• ACTIVITY:
Can you return the records below exactly as they stand, but only from the first line through the one with "#12=(NAMED_UNIT(*) SI_UNIT($,.STERADIAN.) SOLID_ANGLE_UNIT());"?

• RECORDS FOR THE EXERCISE:
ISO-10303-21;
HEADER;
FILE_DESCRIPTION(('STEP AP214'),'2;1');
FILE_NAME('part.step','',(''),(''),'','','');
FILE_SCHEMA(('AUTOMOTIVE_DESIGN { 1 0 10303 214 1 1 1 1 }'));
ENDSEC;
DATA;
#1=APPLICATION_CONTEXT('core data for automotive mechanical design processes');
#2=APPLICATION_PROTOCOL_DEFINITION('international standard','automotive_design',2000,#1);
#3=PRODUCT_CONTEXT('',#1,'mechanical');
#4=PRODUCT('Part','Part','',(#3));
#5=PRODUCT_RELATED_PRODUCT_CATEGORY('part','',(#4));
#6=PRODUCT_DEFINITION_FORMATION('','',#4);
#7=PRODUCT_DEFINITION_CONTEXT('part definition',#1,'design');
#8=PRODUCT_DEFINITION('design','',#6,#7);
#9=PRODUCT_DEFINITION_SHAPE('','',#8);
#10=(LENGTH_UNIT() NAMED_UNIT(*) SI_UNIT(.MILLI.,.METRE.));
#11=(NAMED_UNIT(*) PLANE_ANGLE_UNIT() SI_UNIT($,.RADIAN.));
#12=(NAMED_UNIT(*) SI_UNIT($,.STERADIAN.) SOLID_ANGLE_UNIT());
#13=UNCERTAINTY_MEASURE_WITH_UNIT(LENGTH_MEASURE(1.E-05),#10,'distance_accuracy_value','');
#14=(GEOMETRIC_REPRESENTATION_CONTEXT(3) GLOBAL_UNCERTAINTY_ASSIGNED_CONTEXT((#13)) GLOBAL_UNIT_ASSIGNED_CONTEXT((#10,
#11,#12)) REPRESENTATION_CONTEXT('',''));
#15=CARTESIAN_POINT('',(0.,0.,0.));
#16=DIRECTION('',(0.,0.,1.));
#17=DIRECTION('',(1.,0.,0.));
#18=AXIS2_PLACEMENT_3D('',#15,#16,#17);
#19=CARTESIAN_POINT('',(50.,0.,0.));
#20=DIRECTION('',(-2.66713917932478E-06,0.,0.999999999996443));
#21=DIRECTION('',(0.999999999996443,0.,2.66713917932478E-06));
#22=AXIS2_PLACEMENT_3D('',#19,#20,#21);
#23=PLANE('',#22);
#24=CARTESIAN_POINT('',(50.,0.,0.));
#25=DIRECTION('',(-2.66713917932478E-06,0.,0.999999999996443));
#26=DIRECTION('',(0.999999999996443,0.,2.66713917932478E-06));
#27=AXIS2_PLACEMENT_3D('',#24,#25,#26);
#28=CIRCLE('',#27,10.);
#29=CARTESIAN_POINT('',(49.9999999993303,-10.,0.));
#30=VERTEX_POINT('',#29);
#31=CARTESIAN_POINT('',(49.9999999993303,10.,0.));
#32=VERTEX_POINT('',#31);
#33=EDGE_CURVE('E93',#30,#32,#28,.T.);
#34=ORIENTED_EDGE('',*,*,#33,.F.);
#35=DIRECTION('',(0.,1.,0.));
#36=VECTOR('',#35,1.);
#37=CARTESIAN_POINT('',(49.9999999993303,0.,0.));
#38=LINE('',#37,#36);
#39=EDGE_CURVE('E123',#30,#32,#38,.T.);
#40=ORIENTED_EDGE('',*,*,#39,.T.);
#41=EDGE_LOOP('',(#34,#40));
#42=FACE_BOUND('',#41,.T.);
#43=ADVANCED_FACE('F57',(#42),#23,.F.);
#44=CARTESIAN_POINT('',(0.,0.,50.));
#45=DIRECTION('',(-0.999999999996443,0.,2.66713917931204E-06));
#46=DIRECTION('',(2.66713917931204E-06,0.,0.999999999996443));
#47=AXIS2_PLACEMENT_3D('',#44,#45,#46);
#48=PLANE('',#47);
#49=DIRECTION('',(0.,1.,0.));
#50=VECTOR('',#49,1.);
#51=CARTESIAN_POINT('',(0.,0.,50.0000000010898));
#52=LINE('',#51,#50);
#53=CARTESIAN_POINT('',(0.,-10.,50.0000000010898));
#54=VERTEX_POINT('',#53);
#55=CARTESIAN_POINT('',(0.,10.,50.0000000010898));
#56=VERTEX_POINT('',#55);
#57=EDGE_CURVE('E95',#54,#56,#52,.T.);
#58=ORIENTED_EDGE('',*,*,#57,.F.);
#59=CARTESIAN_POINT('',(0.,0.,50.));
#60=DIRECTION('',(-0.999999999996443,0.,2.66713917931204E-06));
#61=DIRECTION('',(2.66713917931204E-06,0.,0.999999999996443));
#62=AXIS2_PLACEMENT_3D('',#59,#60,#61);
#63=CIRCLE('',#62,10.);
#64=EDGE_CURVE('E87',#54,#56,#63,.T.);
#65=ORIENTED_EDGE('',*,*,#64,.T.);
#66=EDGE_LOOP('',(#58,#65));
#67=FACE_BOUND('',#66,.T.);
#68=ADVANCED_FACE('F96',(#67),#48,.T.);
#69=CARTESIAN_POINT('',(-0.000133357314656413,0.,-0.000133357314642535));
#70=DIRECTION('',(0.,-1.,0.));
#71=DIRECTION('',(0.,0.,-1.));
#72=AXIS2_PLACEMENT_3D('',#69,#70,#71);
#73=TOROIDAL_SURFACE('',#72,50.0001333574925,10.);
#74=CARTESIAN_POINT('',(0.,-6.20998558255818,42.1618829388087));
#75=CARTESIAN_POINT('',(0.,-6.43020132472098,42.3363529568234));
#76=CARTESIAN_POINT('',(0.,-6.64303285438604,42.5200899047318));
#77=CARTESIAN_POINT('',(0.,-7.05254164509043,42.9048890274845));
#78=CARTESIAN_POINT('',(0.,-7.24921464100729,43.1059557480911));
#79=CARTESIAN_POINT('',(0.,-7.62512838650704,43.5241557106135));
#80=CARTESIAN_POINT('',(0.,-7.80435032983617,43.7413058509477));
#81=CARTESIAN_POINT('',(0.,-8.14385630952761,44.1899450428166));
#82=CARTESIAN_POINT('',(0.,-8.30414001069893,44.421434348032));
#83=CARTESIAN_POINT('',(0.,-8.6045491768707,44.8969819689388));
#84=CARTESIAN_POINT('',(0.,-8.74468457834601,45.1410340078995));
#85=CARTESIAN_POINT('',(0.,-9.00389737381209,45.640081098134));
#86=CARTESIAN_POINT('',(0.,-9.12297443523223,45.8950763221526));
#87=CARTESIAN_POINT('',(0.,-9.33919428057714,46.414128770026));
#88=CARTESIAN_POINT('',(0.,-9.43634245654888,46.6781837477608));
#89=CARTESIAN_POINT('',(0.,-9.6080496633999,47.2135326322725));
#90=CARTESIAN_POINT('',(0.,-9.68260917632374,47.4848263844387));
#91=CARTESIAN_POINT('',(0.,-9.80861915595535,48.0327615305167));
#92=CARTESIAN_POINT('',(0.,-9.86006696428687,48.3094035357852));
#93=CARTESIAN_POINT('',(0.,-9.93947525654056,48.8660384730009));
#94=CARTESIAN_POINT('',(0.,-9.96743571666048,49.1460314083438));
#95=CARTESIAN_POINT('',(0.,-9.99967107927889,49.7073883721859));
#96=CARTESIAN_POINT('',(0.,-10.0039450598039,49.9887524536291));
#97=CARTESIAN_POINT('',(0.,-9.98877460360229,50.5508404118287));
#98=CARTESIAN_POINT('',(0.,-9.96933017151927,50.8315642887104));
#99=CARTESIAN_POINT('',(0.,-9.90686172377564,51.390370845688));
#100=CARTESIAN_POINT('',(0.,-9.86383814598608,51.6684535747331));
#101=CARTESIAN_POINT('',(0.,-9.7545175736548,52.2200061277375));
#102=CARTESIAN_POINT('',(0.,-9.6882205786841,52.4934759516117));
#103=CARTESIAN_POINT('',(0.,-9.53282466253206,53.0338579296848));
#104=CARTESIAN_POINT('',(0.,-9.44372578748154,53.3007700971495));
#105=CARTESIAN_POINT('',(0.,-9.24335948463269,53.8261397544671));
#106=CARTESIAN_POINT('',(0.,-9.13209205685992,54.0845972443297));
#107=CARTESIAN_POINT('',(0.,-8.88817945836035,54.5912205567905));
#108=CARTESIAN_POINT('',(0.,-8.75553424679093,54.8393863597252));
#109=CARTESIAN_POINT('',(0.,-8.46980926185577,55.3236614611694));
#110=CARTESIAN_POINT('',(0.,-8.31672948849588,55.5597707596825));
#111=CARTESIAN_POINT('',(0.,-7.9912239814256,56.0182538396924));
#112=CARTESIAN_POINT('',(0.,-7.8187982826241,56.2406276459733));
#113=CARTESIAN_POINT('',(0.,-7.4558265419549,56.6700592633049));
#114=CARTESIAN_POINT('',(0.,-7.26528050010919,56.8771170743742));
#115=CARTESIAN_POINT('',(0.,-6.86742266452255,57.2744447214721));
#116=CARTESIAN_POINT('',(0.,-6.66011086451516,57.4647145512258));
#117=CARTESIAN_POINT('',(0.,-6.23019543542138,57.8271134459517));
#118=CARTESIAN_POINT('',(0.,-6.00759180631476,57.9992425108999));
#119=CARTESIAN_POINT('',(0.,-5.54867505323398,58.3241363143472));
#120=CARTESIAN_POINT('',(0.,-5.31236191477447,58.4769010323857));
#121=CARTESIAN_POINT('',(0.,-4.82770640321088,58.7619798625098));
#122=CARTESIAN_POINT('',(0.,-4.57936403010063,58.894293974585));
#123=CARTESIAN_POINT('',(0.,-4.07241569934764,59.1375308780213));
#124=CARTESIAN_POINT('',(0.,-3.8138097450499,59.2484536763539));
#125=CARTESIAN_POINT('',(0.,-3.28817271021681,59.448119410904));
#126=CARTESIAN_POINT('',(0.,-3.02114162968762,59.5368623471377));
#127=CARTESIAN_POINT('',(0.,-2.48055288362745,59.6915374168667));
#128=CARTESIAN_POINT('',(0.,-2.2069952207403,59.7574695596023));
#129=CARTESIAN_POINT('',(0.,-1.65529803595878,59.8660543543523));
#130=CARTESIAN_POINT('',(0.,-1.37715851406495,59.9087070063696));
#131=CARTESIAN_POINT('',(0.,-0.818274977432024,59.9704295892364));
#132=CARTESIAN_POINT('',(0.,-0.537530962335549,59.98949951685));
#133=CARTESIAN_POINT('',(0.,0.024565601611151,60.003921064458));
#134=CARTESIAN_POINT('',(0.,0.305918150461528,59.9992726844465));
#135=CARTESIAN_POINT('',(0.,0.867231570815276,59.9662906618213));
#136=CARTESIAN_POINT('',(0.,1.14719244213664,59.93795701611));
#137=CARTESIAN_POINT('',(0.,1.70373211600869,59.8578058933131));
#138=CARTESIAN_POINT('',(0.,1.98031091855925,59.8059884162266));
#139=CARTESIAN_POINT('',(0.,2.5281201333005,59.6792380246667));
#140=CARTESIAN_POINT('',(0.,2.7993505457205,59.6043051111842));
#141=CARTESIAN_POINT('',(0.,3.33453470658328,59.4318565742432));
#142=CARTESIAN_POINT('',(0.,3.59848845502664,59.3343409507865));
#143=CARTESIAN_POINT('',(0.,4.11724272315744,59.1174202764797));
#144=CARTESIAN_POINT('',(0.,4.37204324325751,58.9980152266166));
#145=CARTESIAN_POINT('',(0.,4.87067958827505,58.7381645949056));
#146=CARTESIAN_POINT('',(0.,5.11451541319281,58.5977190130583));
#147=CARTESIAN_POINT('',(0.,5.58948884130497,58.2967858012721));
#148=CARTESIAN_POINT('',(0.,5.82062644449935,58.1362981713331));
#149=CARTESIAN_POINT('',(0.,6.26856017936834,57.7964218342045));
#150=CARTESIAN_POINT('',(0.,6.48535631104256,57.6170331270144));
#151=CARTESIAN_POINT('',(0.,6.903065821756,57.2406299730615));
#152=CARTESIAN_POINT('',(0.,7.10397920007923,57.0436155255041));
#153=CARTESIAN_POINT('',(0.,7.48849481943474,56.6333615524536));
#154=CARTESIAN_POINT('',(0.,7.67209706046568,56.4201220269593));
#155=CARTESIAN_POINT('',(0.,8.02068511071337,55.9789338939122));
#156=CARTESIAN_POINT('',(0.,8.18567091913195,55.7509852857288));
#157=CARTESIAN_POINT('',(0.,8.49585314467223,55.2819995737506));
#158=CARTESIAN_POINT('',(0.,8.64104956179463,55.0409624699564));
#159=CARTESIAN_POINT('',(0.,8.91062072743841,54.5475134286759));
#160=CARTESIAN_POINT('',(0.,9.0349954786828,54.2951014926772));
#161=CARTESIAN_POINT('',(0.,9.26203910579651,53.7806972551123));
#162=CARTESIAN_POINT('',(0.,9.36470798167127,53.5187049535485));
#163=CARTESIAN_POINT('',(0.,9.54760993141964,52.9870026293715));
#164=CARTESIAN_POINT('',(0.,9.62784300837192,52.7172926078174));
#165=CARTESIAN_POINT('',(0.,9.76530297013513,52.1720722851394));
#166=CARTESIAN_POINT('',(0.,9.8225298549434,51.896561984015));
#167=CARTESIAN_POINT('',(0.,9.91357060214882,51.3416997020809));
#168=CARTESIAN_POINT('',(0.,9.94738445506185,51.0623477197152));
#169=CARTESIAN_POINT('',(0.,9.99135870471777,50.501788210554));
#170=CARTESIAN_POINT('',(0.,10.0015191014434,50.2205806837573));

• EXERCISE RESPONSE:
ISO-10303-21;
HEADER;
FILE_DESCRIPTION(('STEP AP214'),'2;1');
FILE_NAME('part.step','',(''),(''),'','','');
FILE_SCHEMA(('AUTOMOTIVE_DESIGN { 1 0 10303 214 1 1 1 1 }'));
ENDSEC;
DATA;
#1=APPLICATION_CONTEXT('core data for automotive mechanical design processes');
#2=APPLICATION_PROTOCOL_DEFINITION('international standard','automotive_design',2000,#1);
#3=PRODUCT_CONTEXT('',#1,'mechanical');
#4=PRODUCT('Part','Part','',(#3));
#5=PRODUCT_RELATED_PRODUCT_CATEGORY('part','',(#4));
#6=PRODUCT_DEFINITION_FORMATION('','',#4);
#7=PRODUCT_DEFINITION_CONTEXT('part definition',#1,'design');
#8=PRODUCT_DEFINITION('design','',#6,#7);
#9=PRODUCT_DEFINITION_SHAPE('','',#8);
#10=(LENGTH_UNIT() NAMED_UNIT(*) SI_UNIT(.MILLI.,.METRE.));
#11=(NAMED_UNIT(*) PLANE_ANGLE_UNIT() SI_UNIT($,.RADIAN.));
#12=(NAMED_UNIT(*) SI_UNIT($,.STERADIAN.) SOLID_ANGLE_UNIT());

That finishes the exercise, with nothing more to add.